W32.Zotob.B


Aliases: CME-164, Mytob.IR, W32/Zotob.worm, W32/Zotob.worm.b, W32/Zotob-B, Backdoor.Win32.IRCBot.et
Variants: Win32/Mytob.IR, Win32/Zotob.A, Win32/Zotob.B!Worm, Worm.IRCBot.DL, Worm.Zotob.A

Classification: Malware
Category: Computer Worm

Status: Active & Spreading
Spreading: Moderate
Geographical info: Asia, North and South America, and some parts of Europe and Australia
Removal: Easy
Platform: W32
Discovered: 14 Aug 2005
Damage: Low

Characteristics: The W32.Zotob.B program is a worm and backdoor Trojan for Windows Platform that installs itself in a system registry. It spreads by exploiting the vulnerability of Microsoft Windows Plug and Play Buffer Overflow.

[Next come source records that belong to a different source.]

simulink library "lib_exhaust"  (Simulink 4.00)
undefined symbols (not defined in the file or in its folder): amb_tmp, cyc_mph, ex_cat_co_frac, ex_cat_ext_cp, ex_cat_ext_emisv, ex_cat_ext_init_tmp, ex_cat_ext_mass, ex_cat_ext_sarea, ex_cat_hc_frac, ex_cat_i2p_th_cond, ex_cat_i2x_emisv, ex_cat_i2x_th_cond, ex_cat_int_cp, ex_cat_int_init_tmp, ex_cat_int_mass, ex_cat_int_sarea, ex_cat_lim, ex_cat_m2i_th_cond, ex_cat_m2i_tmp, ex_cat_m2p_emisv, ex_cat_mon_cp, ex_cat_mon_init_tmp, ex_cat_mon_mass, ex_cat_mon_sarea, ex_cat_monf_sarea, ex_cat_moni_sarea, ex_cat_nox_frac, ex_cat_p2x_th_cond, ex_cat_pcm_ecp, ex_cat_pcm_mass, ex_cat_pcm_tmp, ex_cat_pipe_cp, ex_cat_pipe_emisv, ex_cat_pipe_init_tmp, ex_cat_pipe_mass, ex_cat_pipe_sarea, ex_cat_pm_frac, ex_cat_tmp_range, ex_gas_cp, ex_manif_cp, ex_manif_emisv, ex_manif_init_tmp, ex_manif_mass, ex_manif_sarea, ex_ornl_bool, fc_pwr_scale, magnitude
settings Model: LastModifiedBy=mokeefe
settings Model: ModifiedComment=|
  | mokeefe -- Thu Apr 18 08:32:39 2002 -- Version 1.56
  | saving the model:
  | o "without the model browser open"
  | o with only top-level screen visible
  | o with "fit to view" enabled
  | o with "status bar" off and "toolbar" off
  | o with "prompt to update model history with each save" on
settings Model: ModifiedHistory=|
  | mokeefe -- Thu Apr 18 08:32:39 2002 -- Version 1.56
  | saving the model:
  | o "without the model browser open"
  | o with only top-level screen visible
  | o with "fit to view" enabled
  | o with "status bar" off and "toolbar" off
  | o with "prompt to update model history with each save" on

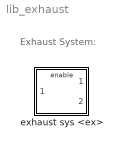
== system lib_exhaust ==
  note: Exhaust System:
  exhaust sys <ex> : Subsystem  TreatAsAtomicUnit=on
      settings: RTWFcnNameOpts=Auto  RTWFileNameOpts=Auto
      mask Display: image(imread('bdi_ex.jpg'))

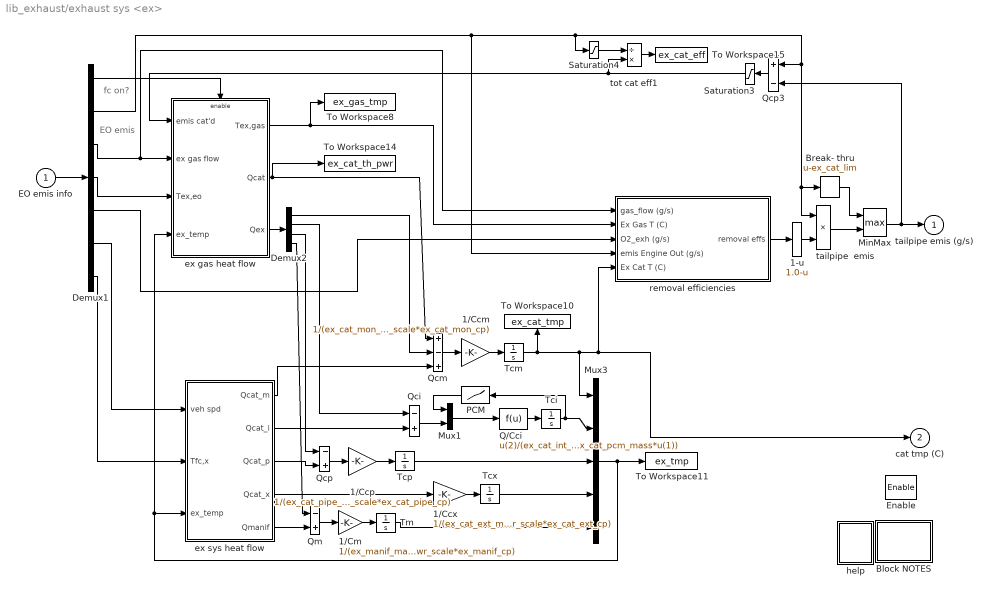
== system lib_exhaust/exhaust sys <ex> ==
  note: fc on?
  note: EO emis
  EO emis info : Inport  Port=1  LatchInput=off
  Enable : EnablePort  StatesWhenEnabling=reset
  1-u : MATLABFcn  MATLABFcn=1.0-u  OutputDimensions=-1  OutputSignalType=auto  Output1D=on
  1/Ccm : Gain  Gain=1/(ex_cat_mon_mass*fc_pwr_scale*ex_cat_mon_cp)  Multiplication=Element-wise(K.*u)  SaturateOnIntegerOverflow=on
  1/Ccp : Gain  Gain=1/(ex_cat_pipe_mass*fc_pwr_scale*ex_cat_pipe_cp)  Multiplication=Element-wise(K.*u)  SaturateOnIntegerOverflow=on
  1/Ccx : Gain  Gain=1/(ex_cat_ext_mass*fc_pwr_scale*ex_cat_ext_cp)  Multiplication=Element-wise(K.*u)  SaturateOnIntegerOverflow=on
  1/Cm : Gain  Gain=1/(ex_manif_mass*fc_pwr_scale*ex_manif_cp)  Multiplication=Element-wise(K.*u)  SaturateOnIntegerOverflow=on
  Block NOTES : Subsystem
      settings: RTWFcnNameOpts=Auto  RTWFileNameOpts=Auto
      mask Display: disp('Block\nNOTES')
  Break- thru : MATLABFcn  MATLABFcn=u-ex_cat_lim  OutputDimensions=-1  OutputSignalType=auto  Output1D=on
  Demux1 : Demux  Outputs=[1 4 1 1 1 1 4]  BusSelectionMode=off
  Demux2 : Demux  Outputs=4  BusSelectionMode=off
  MinMax : MinMax  Function=max  Inputs=2
  Mux1 : Mux  Inputs=2
      settings: DisplayOption=none
  Mux3 : Mux  Inputs=5
      settings: DisplayOption=none
  PCM : Lookup  Orientation=left  InputValues=ex_cat_pcm_tmp  OutputValues=ex_cat_pcm_ecp
  Q/Cci : Fcn  Expr=u(2)/(ex_cat_int_mass*fc_pwr_scale*ex_cat_int_cp+ex_cat_pcm_mass*u(1))
  Qci : Sum  Inputs=-+  SaturateOnIntegerOverflow=on
  Qcm : Sum  Inputs=+-+  SaturateOnIntegerOverflow=on
  Qcp : Sum  Inputs=-+  SaturateOnIntegerOverflow=on
  Qcp3 : Sum  Orientation=left  Inputs=+-  SaturateOnIntegerOverflow=on
  Qm : Sum  Inputs=-+  SaturateOnIntegerOverflow=on
  Saturation3 : Saturate  Orientation=left  UpperLimit=Inf  LowerLimit=0  LinearizeAsGain=on
  Saturation4 : Saturate  UpperLimit=Inf  LowerLimit=eps  LinearizeAsGain=on
  Tci : Integrator  ExternalReset=none  InitialConditionSource=internal  InitialCondition=ex_cat_int_init_tmp  LimitOutput=off  UpperSaturationLimit=inf  LowerSaturationLimit=-inf  ShowSaturationPort=off  ShowStatePort=off  AbsoluteTolerance=auto
  Tcm : Integrator  ExternalReset=none  InitialConditionSource=internal  InitialCondition=ex_cat_mon_init_tmp  LimitOutput=off  UpperSaturationLimit=inf  LowerSaturationLimit=-inf  ShowSaturationPort=off  ShowStatePort=off  AbsoluteTolerance=auto
  Tcp : Integrator  ExternalReset=none  InitialConditionSource=internal  InitialCondition=ex_cat_pipe_init_tmp  LimitOutput=off  UpperSaturationLimit=inf  LowerSaturationLimit=-inf  ShowSaturationPort=off  ShowStatePort=off  AbsoluteTolerance=auto
  Tcx : Integrator  ExternalReset=none  InitialConditionSource=internal  InitialCondition=ex_cat_ext_init_tmp  LimitOutput=off  UpperSaturationLimit=inf  LowerSaturationLimit=-inf  ShowSaturationPort=off  ShowStatePort=off  AbsoluteTolerance=auto
  Tm : Integrator  ExternalReset=none  InitialConditionSource=internal  InitialCondition=ex_manif_init_tmp  LimitOutput=off  UpperSaturationLimit=inf  LowerSaturationLimit=-inf  ShowSaturationPort=off  ShowStatePort=off  AbsoluteTolerance=auto
  To Workspace10 : ToWorkspace  VariableName=ex_cat_tmp  SampleTime=-1  SaveFormat=Array
      settings: Orientation=up
  To Workspace11 : ToWorkspace  VariableName=ex_tmp  SampleTime=-1  SaveFormat=Array
  To Workspace14 : ToWorkspace  VariableName=ex_cat_th_pwr  SampleTime=-1  SaveFormat=Array
  To Workspace15 : ToWorkspace  VariableName=ex_cat_eff  SampleTime=-1  SaveFormat=Array
  To Workspace8 : ToWorkspace  VariableName=ex_gas_tmp  SampleTime=-1  SaveFormat=Array
  ex gas heat flow : Subsystem  TreatAsAtomicUnit=on
      settings: RTWFcnNameOpts=Auto  RTWFileNameOpts=Auto
  ex sys heat flow : Subsystem
      settings: RTWFcnNameOpts=Auto  RTWFileNameOpts=Auto
  help : Subsystem
      settings: OpenFcn=web(['file:\\\' which('exhaust.htm')]);  RTWFcnNameOpts=Auto  RTWFileNameOpts=Auto
      mask Display: image(imread('doc_man.jpg'))
  removal efficiencies : Subsystem
      settings: RTWFcnNameOpts=Auto  RTWFileNameOpts=Auto
  tailpipe  emis : Product  Inputs=2  Multiplication=Element-wise(.*)  SaturateOnIntegerOverflow=on
  tot cat eff1 : Product  Inputs=/*  Multiplication=Element-wise(.*)  SaturateOnIntegerOverflow=on
  tailpipe emis (g/s) : Outport  Port=1  OutputWhenDisabled=reset  InitialOutput=0
  cat tmp (C) : Outport  Port=2  OutputWhenDisabled=reset  InitialOutput=0
  wires:
  ex gas heat flow/3(Qex) -> Demux2/1
  Demux1/4 -> ex gas heat flow/3(Tex,eo)
  Demux1/1 -> ex gas heat flow/Enable
  1/Ccm/1 -> Tcm/1
  Qcm/1 -> 1/Ccm/1
  ex sys heat flow/1(Qcat_m) -> Qcm/3
  Demux2/1 -> Qcm/2
  ex sys heat flow/4(Qcat_x) -> 1/Ccx/1
  ex sys heat flow/5(Qmanif) -> Qm/2
  ex sys heat flow/2(Qcat_i) -> Qci/2
  1/Ccx/1 -> Tcx/1
  1/Cm/1 -> Tm/1
  Qm/1 -> 1/Cm/1
  Q/Cci/1 -> Tci/1
  Mux1/1 -> Q/Cci/1
  PCM/1 -> Mux1/1
  Qci/1 -> Mux1/2
  Tci/1 -> PCM/1, Mux3/2
  ex sys heat flow/3(Qcat_p) -> Qcp/2
  Demux2/2 -> Qci/1
  Demux2/4 -> Qm/1
  Demux2/3 -> Qcp/1
  Tcx/1 -> Mux3/4
  Tcp/1 -> Mux3/3
  Tm/1 -> Mux3/5
  Mux3/1 -> To Workspace11/1, ex gas heat flow/4(ex_temp), ex sys heat flow/3(ex_temp)
  Tcm/1 -> Mux3/1, cat tmp (C)/1, removal efficiencies/5(Ex Cat T (C)), To Workspace10/1
  Qcp/1 -> 1/Ccp/1
  1/Ccp/1 -> Tcp/1
  ex gas heat flow/2(Qcat) -> Qcm/1, To Workspace14/1
  Break- thru/1 -> MinMax/1
  tailpipe  emis/1 -> MinMax/2
  1-u/1 -> tailpipe  emis/2
  MinMax/1 -> tailpipe emis (g/s)/1, Qcp3/2
  removal efficiencies/1(removal effs) -> 1-u/1
  Qcp3/1 -> Saturation3/1
  Saturation3/1 -> ex gas heat flow/1(emis cat'd), tot cat eff1/2
  Saturation4/1 -> tot cat eff1/1
  tot cat eff1/1 -> To Workspace15/1
  EO emis info/1 -> Demux1/1
  ex gas heat flow/1(Tex,gas) -> To Workspace8/1, removal efficiencies/2(Ex Gas T (C))
  Demux1/3 -> ex gas heat flow/2(ex gas flow), removal efficiencies/1(gas_flow (g/s))
  Demux1/2 -> Saturation4/1, tailpipe  emis/1, Break- thru/1, Qcp3/1, removal efficiencies/4(emis Engine Out (g/s))
  Demux1/6 -> ex sys heat flow/1(veh spd)
  Demux1/7 -> ex sys heat flow/2(Tfc,x)
  Demux1/5 -> removal efficiencies/3(O2_exh (g/s))

== system lib_exhaust/exhaust sys <ex>/Block NOTES ==
  note: This block models the exhaust system of an internal combustion engine (ICE).  Emphasis is on the catalytic converter
      | aftertreatment of emissions.  Since converter performance is tied to operating temperature, the temperature and heat
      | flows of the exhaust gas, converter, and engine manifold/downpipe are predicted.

More details about W32.Zotob.B

The W32.Zotob.B is a self-executing worm that runs continuously in the system as a hidden application to provide a backdoor server which allows remote attackers to gain access and control over the machine. When the worm is activated, it starts up to 200 processes to search for other computers using TCP port 445, resulting to poor system performance. It also copies itself as an executable file in the infected computer’s Windows System folder. It then modifies the HOSTS file of Windows to block access to security websites. The W32.Zotob.B worm is about 15.386 bytes long, designed to exploit Windows 2000. This worm can run on other Windows operating system though, however, it may be used to infect devices running on W2k OS connected within the network.

When executed, only one copy of the worm will run on the compromised device. It copies itself as an executable file, and adds a registry value to the system’s registry subkeys to launch the program every time the system would start. The W32.Zotob.B worm is capable of disabling shared access service in Windows XP and Windows 2000 operating systems. This worm connects to an IRC server’s specific domain via TCP port 8080 to allow unauthorized remote access to the infected computer, generates random IP address form the current IP address, and spreads itself to computers through the generated IP addresses.